Only the lines below, from the one with "# Drawn here: x" through the one with "msp = doc.modelspace()", are to be written out, exactly.

• [Dataset excerpts]:
>>>>>

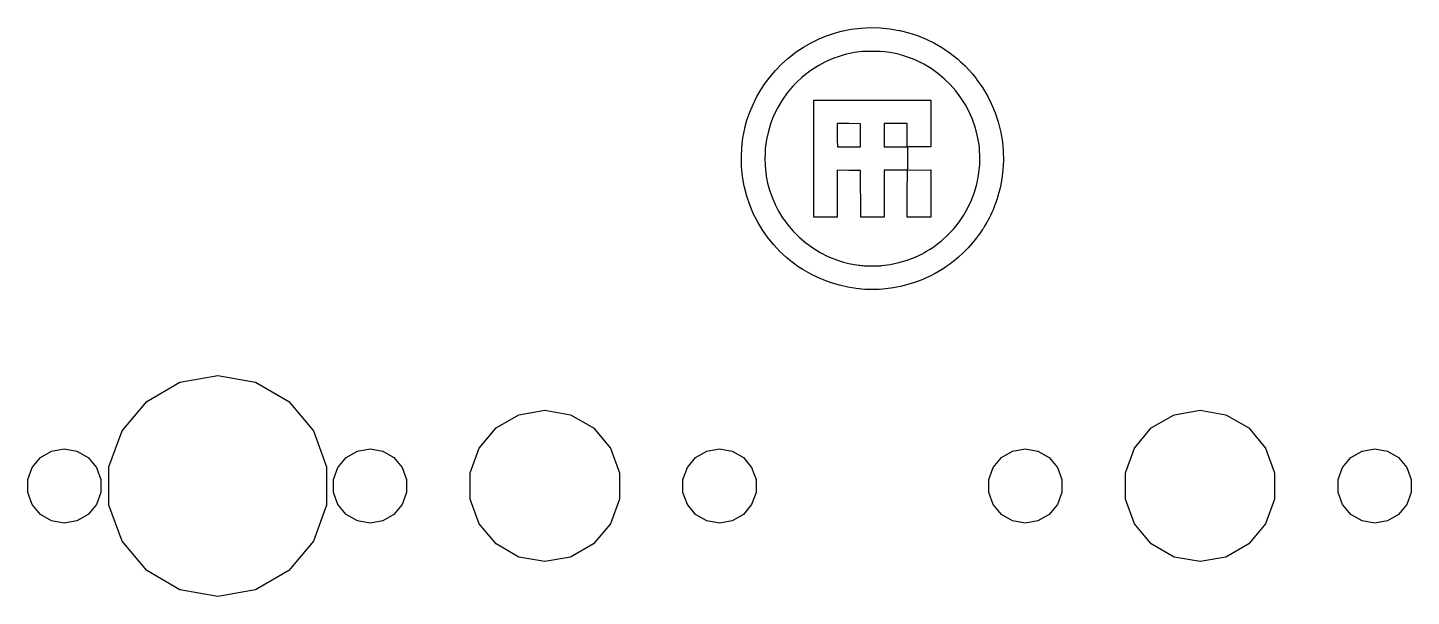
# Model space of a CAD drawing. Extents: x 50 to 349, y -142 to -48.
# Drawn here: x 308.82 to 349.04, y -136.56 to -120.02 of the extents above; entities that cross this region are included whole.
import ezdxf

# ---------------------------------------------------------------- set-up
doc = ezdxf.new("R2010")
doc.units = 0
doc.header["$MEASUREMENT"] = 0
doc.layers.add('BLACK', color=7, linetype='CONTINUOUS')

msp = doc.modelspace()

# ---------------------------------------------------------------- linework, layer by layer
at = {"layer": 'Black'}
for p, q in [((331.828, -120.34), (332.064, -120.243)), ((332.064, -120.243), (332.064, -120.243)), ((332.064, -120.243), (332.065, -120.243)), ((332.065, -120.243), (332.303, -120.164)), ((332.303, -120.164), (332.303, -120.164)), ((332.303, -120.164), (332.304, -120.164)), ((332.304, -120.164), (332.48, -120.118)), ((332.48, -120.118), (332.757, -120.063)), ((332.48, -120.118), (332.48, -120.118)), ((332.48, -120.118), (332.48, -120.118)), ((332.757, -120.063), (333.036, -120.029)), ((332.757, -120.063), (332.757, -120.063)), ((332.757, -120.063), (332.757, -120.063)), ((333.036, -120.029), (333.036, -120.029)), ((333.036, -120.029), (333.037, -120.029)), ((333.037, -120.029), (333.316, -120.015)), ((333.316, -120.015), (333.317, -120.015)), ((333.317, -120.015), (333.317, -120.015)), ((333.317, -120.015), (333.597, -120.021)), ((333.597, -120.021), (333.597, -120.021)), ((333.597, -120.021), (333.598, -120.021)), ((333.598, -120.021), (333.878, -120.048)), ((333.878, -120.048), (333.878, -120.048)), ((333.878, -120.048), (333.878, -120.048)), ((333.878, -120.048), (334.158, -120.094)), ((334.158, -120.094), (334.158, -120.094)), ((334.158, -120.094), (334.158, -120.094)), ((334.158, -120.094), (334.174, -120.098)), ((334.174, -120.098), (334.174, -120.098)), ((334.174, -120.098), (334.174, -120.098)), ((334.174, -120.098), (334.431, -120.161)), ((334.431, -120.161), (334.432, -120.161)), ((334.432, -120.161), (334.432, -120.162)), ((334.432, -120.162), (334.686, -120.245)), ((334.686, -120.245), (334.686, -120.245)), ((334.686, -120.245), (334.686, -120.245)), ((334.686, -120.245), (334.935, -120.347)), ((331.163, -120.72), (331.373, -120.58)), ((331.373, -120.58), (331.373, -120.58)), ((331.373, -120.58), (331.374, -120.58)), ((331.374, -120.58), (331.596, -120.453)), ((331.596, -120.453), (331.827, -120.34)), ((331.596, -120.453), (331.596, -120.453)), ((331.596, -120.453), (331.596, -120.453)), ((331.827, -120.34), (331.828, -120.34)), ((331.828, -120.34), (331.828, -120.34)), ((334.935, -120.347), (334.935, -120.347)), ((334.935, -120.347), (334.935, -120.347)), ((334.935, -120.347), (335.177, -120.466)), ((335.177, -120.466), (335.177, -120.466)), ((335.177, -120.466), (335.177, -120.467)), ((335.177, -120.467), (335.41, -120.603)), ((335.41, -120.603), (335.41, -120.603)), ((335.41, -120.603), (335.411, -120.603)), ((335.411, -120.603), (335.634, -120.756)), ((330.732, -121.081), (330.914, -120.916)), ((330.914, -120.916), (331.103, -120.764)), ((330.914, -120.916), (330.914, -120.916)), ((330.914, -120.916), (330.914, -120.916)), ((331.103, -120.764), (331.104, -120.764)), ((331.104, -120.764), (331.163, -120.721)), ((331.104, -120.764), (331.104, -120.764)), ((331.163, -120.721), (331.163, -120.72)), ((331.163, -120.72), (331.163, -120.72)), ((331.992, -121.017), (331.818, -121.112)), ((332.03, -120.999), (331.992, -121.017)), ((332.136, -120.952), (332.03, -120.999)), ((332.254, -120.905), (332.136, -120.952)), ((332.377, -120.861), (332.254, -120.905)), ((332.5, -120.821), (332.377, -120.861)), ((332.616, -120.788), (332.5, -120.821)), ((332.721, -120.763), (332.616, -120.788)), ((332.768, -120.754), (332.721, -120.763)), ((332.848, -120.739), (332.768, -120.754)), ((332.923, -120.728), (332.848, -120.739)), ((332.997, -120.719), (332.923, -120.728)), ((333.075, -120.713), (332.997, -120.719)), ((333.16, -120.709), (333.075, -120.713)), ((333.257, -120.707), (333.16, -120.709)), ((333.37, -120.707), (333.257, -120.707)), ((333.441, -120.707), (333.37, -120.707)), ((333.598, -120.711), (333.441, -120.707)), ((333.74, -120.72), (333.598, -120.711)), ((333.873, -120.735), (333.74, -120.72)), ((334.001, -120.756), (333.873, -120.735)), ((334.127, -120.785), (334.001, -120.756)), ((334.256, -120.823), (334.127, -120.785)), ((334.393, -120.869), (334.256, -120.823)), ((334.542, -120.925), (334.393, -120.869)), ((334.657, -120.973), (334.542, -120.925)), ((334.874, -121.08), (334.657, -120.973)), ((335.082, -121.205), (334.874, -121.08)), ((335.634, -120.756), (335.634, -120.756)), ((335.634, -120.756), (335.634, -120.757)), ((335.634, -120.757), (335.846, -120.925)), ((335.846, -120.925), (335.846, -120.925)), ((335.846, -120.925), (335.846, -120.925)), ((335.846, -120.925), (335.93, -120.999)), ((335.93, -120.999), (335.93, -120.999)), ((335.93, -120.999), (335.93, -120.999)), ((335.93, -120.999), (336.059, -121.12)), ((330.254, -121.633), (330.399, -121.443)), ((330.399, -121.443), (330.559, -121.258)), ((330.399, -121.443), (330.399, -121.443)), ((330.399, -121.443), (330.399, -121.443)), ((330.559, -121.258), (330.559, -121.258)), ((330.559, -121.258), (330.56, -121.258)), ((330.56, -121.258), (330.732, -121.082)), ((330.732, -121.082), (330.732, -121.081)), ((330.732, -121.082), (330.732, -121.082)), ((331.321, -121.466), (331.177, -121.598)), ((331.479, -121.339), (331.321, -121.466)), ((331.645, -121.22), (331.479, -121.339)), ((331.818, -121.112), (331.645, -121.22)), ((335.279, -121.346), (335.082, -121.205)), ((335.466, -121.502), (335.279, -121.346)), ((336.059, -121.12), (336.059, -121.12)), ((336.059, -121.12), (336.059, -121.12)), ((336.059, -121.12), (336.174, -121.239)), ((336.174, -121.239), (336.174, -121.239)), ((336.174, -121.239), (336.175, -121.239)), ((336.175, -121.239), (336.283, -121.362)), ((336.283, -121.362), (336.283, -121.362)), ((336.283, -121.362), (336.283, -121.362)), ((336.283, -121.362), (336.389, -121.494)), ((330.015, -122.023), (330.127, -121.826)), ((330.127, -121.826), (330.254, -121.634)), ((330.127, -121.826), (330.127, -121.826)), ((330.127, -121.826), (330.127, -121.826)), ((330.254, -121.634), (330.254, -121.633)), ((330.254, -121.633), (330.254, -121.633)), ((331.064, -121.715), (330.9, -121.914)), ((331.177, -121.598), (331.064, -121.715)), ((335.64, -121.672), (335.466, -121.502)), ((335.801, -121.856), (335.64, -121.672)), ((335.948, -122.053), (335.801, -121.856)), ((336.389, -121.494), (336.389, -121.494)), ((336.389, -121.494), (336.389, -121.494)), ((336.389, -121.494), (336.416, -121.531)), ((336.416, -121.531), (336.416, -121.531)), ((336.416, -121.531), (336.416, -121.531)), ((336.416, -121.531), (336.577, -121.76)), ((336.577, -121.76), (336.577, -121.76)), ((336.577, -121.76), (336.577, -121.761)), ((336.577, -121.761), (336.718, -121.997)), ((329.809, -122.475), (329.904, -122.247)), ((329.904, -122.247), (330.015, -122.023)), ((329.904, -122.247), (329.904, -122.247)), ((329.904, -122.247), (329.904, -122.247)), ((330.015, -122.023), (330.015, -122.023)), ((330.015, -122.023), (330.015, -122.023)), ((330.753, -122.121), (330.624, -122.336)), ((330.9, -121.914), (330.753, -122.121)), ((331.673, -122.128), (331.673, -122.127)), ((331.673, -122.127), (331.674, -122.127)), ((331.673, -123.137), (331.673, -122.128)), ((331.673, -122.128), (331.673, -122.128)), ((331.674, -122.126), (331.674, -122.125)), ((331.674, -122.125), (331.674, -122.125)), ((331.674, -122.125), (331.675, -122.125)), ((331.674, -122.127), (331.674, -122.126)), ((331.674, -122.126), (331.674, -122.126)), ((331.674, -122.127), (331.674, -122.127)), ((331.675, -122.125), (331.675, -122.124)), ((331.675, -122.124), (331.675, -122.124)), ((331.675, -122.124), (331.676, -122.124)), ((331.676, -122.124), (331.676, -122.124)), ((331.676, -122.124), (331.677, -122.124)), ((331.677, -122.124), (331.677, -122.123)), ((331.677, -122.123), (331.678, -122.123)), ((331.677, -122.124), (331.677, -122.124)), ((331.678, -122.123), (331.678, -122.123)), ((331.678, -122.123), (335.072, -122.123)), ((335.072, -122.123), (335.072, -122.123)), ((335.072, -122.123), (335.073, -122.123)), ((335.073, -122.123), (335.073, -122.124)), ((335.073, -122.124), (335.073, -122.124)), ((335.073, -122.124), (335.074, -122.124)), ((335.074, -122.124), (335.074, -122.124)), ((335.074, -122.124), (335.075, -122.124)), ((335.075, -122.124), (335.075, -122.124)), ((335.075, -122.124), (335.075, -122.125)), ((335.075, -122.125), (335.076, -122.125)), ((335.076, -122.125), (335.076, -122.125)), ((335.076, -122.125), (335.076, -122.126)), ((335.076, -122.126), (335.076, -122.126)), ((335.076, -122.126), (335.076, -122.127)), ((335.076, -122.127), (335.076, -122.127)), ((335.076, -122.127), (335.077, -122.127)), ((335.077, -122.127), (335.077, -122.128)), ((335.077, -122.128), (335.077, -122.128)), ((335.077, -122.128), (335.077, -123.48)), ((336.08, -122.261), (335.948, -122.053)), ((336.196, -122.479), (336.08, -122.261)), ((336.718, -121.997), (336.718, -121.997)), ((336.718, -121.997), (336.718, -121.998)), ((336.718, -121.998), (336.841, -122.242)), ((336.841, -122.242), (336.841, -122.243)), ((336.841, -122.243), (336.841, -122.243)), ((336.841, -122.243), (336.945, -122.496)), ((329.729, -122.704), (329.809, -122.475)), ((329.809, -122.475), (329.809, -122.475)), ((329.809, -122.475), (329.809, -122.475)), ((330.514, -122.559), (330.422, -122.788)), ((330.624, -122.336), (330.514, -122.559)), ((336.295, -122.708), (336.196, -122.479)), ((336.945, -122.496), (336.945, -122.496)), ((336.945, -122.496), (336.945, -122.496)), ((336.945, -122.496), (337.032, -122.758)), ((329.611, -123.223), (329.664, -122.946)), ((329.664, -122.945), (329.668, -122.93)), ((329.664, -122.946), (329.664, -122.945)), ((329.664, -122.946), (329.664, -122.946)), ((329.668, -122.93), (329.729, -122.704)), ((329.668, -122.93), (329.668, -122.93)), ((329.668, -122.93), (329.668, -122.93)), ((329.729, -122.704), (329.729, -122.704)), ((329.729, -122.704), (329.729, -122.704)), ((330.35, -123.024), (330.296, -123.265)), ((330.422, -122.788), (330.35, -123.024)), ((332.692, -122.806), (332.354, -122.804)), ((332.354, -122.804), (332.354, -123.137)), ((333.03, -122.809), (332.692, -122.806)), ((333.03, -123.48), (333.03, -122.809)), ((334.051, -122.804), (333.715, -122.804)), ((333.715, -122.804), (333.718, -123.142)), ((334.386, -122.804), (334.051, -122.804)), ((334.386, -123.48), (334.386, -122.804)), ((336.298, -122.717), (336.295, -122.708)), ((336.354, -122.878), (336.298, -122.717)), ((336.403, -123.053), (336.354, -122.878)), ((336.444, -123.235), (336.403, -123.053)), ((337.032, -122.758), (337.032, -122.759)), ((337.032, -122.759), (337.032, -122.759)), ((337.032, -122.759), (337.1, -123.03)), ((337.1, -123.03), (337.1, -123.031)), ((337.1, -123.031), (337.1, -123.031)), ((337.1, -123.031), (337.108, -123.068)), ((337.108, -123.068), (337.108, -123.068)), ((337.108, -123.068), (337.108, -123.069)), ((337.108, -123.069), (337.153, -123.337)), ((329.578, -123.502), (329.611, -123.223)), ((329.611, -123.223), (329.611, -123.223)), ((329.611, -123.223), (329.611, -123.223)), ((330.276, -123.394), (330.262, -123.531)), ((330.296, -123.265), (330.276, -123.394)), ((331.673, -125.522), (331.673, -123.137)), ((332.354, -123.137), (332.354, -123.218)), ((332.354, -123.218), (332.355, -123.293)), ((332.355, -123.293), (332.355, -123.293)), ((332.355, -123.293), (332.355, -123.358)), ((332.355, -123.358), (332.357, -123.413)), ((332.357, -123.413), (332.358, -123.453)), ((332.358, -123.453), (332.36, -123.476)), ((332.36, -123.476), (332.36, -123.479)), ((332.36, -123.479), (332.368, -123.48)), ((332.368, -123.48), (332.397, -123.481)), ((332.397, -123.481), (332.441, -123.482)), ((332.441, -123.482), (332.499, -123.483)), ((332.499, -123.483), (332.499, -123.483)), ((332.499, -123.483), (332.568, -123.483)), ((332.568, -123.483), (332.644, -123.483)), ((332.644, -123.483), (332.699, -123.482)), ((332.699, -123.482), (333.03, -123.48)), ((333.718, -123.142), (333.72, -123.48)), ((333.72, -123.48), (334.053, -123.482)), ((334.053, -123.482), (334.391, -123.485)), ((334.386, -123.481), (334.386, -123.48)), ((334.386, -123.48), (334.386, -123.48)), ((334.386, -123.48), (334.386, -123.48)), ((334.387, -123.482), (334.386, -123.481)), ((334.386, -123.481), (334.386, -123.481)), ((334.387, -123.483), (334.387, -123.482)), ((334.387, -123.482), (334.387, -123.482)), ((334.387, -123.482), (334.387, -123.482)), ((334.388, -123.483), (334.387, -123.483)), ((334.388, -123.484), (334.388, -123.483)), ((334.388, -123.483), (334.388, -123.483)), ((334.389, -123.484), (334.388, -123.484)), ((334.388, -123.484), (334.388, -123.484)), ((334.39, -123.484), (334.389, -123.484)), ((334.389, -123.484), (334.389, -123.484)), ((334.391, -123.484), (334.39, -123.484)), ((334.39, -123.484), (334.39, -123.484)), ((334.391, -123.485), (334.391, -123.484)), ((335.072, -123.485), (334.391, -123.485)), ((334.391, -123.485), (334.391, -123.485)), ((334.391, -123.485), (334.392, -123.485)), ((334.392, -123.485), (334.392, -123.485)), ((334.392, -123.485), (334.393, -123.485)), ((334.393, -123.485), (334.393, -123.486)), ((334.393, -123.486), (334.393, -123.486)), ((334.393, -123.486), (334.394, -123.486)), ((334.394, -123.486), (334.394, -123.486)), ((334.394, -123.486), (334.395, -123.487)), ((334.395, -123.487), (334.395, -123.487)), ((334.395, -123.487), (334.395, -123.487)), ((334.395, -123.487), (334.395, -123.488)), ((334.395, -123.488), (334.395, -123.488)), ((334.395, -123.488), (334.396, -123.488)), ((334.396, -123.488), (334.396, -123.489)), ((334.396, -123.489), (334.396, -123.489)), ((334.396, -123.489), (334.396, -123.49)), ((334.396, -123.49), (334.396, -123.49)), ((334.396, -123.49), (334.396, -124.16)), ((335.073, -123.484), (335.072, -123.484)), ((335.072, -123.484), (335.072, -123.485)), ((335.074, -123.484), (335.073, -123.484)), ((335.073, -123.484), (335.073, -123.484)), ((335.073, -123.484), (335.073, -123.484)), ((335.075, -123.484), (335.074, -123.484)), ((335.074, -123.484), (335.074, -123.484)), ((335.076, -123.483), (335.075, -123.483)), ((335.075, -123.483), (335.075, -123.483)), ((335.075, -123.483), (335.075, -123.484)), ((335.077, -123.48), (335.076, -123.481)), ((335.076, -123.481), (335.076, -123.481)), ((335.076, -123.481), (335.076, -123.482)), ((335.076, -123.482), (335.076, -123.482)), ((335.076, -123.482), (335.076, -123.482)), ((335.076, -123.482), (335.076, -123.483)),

<<<<<

• [Your solution]:
# Drawn here: x 308.82 to 349.04, y -136.56 to -120.02 of the extents above; entities that cross this region are included whole.
import ezdxf

# ---------------------------------------------------------------- set-up
doc = ezdxf.new("R2010")
doc.units = 0
doc.header["$MEASUREMENT"] = 0
doc.layers.add('BLACK', color=7, linetype='CONTINUOUS')

msp = doc.modelspace()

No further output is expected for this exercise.